**Records drawn from a dataset**
────────────────

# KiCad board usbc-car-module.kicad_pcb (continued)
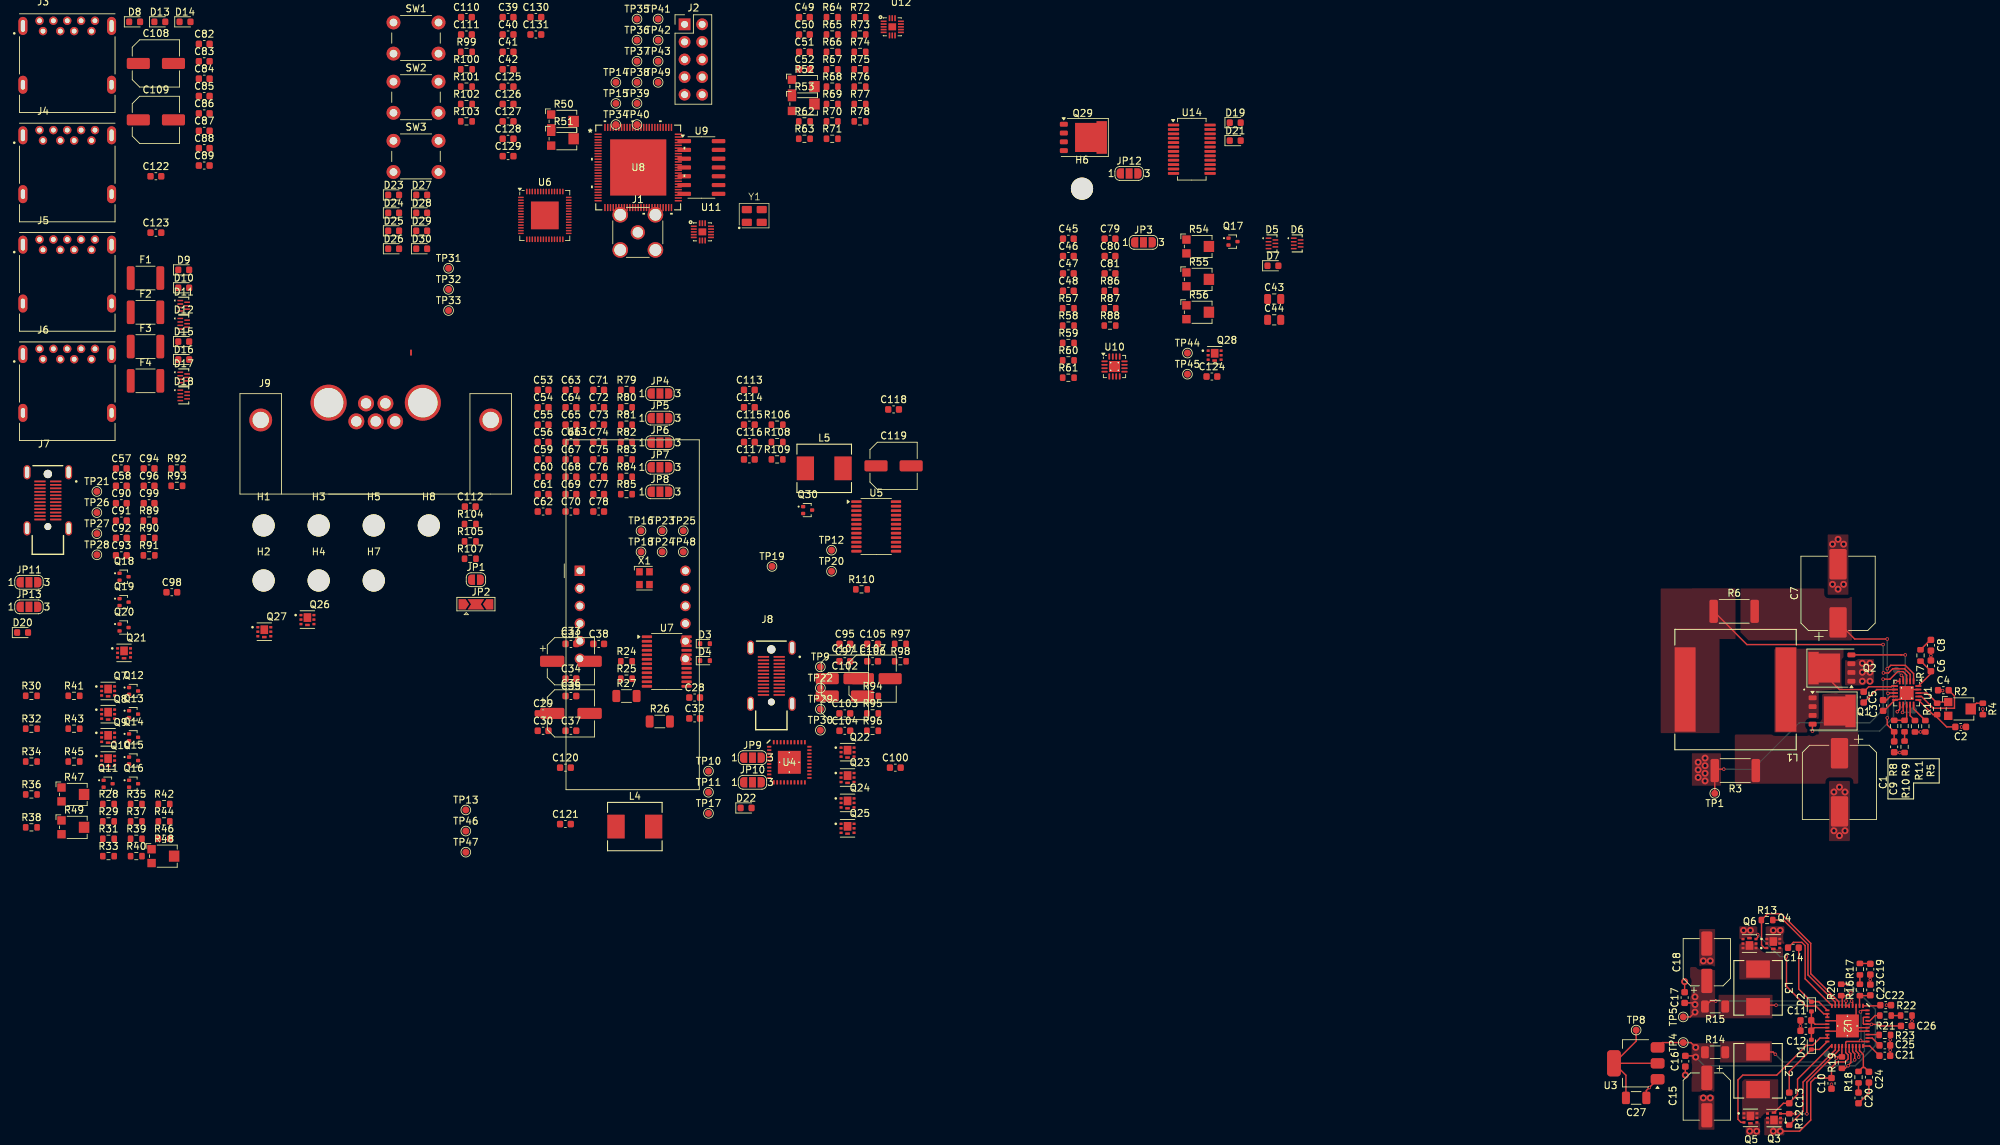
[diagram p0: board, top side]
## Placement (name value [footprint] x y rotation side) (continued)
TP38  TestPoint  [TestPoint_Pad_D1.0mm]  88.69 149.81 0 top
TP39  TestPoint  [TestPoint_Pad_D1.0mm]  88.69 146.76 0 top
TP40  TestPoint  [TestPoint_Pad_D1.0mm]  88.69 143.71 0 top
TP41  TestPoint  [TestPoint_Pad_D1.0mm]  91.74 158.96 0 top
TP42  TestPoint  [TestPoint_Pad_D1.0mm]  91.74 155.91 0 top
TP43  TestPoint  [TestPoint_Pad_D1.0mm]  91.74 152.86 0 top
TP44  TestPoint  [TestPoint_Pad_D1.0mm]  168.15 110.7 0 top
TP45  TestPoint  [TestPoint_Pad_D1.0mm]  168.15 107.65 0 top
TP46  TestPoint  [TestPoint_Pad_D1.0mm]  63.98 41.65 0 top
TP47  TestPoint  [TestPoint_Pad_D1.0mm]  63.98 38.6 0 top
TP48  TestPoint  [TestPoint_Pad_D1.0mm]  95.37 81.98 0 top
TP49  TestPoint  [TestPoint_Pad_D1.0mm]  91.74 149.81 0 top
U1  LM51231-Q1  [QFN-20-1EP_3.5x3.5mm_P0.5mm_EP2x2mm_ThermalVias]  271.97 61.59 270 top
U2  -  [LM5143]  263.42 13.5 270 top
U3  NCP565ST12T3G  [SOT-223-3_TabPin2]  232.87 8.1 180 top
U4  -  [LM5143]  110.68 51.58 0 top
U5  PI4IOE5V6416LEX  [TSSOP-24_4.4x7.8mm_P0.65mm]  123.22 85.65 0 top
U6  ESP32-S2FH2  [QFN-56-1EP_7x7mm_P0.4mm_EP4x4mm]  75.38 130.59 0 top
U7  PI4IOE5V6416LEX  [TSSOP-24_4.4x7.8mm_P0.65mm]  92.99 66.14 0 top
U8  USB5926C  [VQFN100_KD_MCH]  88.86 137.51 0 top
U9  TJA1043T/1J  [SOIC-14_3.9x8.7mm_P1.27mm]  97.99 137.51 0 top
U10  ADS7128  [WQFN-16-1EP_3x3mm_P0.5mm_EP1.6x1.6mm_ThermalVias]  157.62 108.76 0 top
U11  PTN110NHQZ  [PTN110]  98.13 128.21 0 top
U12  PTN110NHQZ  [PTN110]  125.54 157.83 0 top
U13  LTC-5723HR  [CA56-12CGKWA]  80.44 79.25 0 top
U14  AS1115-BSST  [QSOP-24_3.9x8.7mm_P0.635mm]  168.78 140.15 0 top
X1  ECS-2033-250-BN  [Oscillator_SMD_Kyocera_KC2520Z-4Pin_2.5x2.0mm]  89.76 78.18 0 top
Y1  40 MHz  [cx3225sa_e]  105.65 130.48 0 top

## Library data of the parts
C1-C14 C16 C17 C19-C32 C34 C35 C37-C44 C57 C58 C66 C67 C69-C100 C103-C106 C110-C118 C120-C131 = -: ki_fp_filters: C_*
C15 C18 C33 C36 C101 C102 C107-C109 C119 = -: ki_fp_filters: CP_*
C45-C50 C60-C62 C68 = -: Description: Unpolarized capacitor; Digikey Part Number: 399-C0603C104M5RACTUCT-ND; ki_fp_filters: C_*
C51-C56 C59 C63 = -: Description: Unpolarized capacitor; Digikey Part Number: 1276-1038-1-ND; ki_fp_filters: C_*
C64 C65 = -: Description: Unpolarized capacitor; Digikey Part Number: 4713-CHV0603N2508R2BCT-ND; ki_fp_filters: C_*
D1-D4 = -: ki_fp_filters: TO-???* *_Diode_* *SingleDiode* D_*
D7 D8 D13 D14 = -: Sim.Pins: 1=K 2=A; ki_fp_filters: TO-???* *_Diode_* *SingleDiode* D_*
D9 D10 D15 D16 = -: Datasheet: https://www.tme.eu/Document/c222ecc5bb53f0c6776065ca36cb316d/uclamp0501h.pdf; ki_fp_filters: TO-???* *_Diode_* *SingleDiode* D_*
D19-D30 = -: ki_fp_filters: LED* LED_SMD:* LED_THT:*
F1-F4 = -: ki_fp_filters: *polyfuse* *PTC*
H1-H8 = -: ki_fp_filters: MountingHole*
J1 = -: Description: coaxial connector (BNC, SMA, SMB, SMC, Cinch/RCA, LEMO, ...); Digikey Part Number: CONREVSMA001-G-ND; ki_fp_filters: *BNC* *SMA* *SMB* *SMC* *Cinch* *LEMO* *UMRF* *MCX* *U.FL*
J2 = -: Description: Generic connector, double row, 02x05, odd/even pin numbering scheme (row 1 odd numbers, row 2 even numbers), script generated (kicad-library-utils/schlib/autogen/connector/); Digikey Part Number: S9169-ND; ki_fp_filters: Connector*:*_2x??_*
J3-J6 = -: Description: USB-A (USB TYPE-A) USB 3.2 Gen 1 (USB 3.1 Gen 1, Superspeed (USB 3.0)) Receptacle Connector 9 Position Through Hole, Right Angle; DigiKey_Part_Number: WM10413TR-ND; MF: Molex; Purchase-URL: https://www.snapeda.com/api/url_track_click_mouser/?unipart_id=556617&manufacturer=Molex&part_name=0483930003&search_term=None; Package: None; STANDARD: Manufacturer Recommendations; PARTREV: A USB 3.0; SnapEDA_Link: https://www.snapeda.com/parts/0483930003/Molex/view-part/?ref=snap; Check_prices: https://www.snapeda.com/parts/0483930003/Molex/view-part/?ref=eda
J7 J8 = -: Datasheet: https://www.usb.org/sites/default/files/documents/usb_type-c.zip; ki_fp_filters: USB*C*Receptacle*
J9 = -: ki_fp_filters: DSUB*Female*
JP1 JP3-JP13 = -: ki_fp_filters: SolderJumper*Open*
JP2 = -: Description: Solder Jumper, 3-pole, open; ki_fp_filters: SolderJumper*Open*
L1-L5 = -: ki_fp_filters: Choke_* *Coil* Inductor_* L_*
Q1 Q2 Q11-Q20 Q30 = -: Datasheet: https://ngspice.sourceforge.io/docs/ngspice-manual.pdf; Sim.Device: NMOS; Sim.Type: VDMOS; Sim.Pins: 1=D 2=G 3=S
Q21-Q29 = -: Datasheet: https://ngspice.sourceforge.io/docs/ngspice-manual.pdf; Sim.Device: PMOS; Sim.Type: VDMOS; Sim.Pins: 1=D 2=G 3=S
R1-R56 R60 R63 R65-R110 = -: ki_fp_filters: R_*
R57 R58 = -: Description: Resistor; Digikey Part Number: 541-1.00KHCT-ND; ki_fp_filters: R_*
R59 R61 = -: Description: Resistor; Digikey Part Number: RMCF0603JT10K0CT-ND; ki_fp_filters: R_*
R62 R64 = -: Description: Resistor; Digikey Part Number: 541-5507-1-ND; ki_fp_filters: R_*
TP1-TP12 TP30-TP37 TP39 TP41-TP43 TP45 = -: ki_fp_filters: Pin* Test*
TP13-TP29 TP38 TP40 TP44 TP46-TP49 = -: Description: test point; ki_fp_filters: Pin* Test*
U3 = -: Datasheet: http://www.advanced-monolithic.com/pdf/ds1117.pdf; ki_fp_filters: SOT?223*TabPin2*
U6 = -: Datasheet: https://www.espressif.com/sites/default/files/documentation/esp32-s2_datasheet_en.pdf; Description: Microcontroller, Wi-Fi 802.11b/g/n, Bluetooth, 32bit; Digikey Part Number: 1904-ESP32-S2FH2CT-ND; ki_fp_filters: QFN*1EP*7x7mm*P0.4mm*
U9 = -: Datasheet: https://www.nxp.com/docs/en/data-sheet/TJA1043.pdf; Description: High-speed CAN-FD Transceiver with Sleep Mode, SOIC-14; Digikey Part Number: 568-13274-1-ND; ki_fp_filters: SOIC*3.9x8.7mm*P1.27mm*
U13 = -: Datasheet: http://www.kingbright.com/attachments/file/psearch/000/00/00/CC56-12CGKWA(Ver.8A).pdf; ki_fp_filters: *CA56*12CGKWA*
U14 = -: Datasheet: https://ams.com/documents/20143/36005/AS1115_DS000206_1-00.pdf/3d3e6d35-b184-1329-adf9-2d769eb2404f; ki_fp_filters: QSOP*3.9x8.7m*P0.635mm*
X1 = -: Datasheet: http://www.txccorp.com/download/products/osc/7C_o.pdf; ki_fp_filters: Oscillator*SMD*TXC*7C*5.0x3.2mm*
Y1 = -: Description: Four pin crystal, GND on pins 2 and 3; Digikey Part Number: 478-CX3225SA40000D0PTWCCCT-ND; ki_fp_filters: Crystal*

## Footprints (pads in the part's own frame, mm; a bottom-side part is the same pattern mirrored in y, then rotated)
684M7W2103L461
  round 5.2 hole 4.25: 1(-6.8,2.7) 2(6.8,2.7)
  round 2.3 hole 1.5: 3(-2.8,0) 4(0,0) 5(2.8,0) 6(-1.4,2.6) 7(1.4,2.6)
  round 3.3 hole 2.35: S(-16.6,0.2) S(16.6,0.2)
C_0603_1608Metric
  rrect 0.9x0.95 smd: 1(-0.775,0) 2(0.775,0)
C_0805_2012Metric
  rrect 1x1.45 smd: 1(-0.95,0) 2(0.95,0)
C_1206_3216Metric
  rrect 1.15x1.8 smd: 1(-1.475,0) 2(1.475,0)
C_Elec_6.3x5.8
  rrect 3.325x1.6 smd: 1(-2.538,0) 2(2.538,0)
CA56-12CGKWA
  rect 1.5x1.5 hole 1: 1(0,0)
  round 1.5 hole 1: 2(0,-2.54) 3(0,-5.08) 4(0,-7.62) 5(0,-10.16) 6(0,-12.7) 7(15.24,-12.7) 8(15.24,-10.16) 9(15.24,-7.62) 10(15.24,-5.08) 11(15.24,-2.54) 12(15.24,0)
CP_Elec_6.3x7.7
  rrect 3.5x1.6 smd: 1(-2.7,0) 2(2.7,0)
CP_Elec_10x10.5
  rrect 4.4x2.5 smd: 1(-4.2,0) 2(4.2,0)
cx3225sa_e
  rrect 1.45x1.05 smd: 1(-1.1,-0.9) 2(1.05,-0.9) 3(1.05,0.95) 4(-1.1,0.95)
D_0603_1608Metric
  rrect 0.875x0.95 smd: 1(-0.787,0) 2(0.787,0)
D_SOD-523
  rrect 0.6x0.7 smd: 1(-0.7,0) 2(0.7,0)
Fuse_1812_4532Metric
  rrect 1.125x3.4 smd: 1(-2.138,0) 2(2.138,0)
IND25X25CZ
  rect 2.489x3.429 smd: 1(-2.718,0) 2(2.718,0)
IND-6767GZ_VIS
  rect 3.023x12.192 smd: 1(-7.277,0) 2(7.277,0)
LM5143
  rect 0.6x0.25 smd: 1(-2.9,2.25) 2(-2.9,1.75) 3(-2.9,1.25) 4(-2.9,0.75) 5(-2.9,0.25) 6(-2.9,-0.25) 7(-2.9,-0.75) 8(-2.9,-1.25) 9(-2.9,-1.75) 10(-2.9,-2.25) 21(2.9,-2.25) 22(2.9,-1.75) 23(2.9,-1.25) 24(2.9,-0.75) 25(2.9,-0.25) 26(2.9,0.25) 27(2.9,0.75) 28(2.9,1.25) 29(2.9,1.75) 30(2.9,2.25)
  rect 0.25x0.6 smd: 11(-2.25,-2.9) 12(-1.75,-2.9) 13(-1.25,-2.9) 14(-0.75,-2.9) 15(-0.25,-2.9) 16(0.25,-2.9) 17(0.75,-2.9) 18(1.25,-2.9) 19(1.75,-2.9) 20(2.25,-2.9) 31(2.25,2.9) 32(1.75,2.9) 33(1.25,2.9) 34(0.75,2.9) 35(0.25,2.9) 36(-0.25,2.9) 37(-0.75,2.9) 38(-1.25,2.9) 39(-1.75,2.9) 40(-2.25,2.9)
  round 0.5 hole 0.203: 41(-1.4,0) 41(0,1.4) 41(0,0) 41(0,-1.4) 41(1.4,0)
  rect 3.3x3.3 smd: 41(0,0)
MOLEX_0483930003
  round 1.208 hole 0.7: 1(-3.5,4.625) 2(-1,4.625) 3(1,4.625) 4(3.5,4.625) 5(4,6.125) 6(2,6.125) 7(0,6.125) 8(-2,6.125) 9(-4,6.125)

────────────────

**To do**
Considering the records above, state how many lines contain the word "Open", with nothing else in your reply.

**Answer box**
2